The intermediate resolution was to switch FORK_FG processes to fork+exec again. For foreground processes with job control we're in an interactive shell, so the performance benefit is small enough in this case to be negligible. It's really only for shell scripts that it matters.
Next I implemented a posix_spawn file_action, with the prototype
int posix_spawn_file_actions_addtcsetpgrp(posix_spawn_file_actions_t *fa, int fildes)
The kernel part of this was implemented inline in sys/kern/kern_exec.c, in the function handle_posix_spawn_file_actions() for the new case 'FAE_TCSETPGRP'.
The new version of the code is still in testing and debugging phase and at the time of writing not included in my repository (it will be published after Google Summer of Code when I'm done moving).
posix_spawnp kernel implementation
According to a conversation with kre@, the posix_spawnp() implementation we have is just itterating over $PATH calling posix_spawn until it succeeds. For some changes we might want a kernel implementation of posix_spawnp(), as the path search is supposed to happen in the kernel so the file actions are only ever run once:
some of the file actions may be "execute once only", they can't be repeated (eg: handling "set -C; cat foo >file" - file can only be created once, that has to happen before the exec (as the fd needs to be made stdout), and then the exec part of posix_spawn is attempted - if that fails, when it can't find "cat" in $HOME/bin (or whatever is first in $PATH) and we move along to the next entry (maybe /bin doesn't really matter) then the repeated file action fails, as file now exists, and "set -C" demands that we cannot open an already existing file (noclobber mode). It would be nice for this if there were "clean up on failure" actions, but that is likely to be very difficult to get right, and each would need to be attached to a file action, so only those which had been performed would result in cleanup attempts.
Replacing all of fork+exec in sh
Ideally we could replace all of (v)fork + exec with posix_spawn. According to my mentors there is pmap synchronisation as an impact of constructing the vm space from scratch with (v)fork. Less IPIs (inter-processor interrupts) matter for small processes too.
Future directions could involve a posix_spawn action for an arbitrary ioctl.

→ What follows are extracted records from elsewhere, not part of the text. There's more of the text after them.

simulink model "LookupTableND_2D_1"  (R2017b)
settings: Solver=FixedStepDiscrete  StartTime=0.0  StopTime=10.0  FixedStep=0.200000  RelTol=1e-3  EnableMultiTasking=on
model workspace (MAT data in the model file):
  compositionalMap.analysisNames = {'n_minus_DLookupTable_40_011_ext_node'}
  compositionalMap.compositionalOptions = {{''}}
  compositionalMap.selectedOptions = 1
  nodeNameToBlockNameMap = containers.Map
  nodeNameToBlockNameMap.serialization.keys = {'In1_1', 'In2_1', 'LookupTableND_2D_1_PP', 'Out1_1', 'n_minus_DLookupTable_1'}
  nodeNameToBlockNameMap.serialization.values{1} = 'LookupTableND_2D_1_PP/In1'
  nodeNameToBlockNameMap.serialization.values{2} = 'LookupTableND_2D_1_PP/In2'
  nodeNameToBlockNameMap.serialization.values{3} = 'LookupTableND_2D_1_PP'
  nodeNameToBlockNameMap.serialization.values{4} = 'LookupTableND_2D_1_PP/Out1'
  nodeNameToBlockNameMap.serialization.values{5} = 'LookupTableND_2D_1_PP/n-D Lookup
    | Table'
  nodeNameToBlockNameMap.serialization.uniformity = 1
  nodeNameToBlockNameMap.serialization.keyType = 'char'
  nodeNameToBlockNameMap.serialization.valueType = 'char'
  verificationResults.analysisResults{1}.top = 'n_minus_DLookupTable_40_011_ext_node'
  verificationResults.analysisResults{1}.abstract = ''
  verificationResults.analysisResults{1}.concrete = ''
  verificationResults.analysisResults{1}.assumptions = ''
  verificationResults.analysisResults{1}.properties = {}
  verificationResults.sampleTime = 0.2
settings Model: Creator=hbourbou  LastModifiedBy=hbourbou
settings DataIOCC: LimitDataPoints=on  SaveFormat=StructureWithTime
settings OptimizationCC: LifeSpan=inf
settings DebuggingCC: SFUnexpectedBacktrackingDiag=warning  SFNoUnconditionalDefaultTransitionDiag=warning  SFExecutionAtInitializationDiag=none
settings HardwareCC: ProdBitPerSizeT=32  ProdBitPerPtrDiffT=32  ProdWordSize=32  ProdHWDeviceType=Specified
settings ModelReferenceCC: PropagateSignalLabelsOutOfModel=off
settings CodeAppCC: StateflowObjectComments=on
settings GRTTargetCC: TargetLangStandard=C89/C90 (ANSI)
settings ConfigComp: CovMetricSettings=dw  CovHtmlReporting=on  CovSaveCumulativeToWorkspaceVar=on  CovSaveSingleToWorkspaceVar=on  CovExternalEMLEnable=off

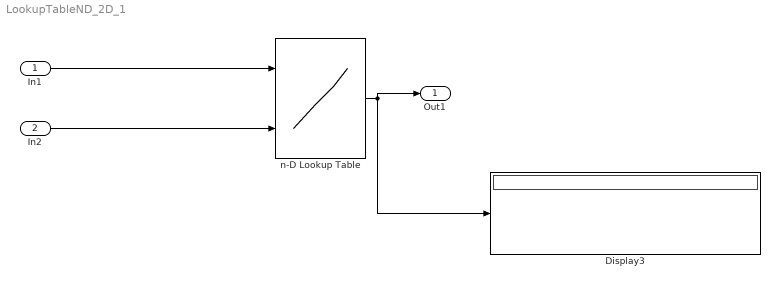
== system LookupTableND_2D_1 ==
  In1 : Inport
  In2 : Inport  Port=2
  Display3 : Display
  n-D Lookup Table : Lookup_n-D  BreakpointsForDimension1=[1.2 2.3 3.9]  BreakpointsForDimension2=[0 1.5 2]  BreakpointsForDimension3=[5 6]  Table=[1 2 3; 4 5 6 ; 7 8 9]  InternalRulePriority=Speed  RndMeth=Simplest  InputSameDT=on
  Out1 : Outport
  wires:
  In1/1 -> n-D Lookup Table/1
  In2/1 -> n-D Lookup Table/2
  n-D Lookup Table/1 -> Out1/1, Display3/1

My thanks go to fellow NetBSD developers for answering questions, most recently kre@ for sharing invaluable sh knowledge, Riastradh and Jörg as the mentors I've interacted with most of the time and for their often in-depth explanations as well as allowing me to ask questions I sometimes felt were too obvious. My friends, for sticking up with my "weird" working schedule. Lastly would like to thank the Google Summer of Code program for continuing through the ongoing pandemic and giving students the chance to work on projects full-time.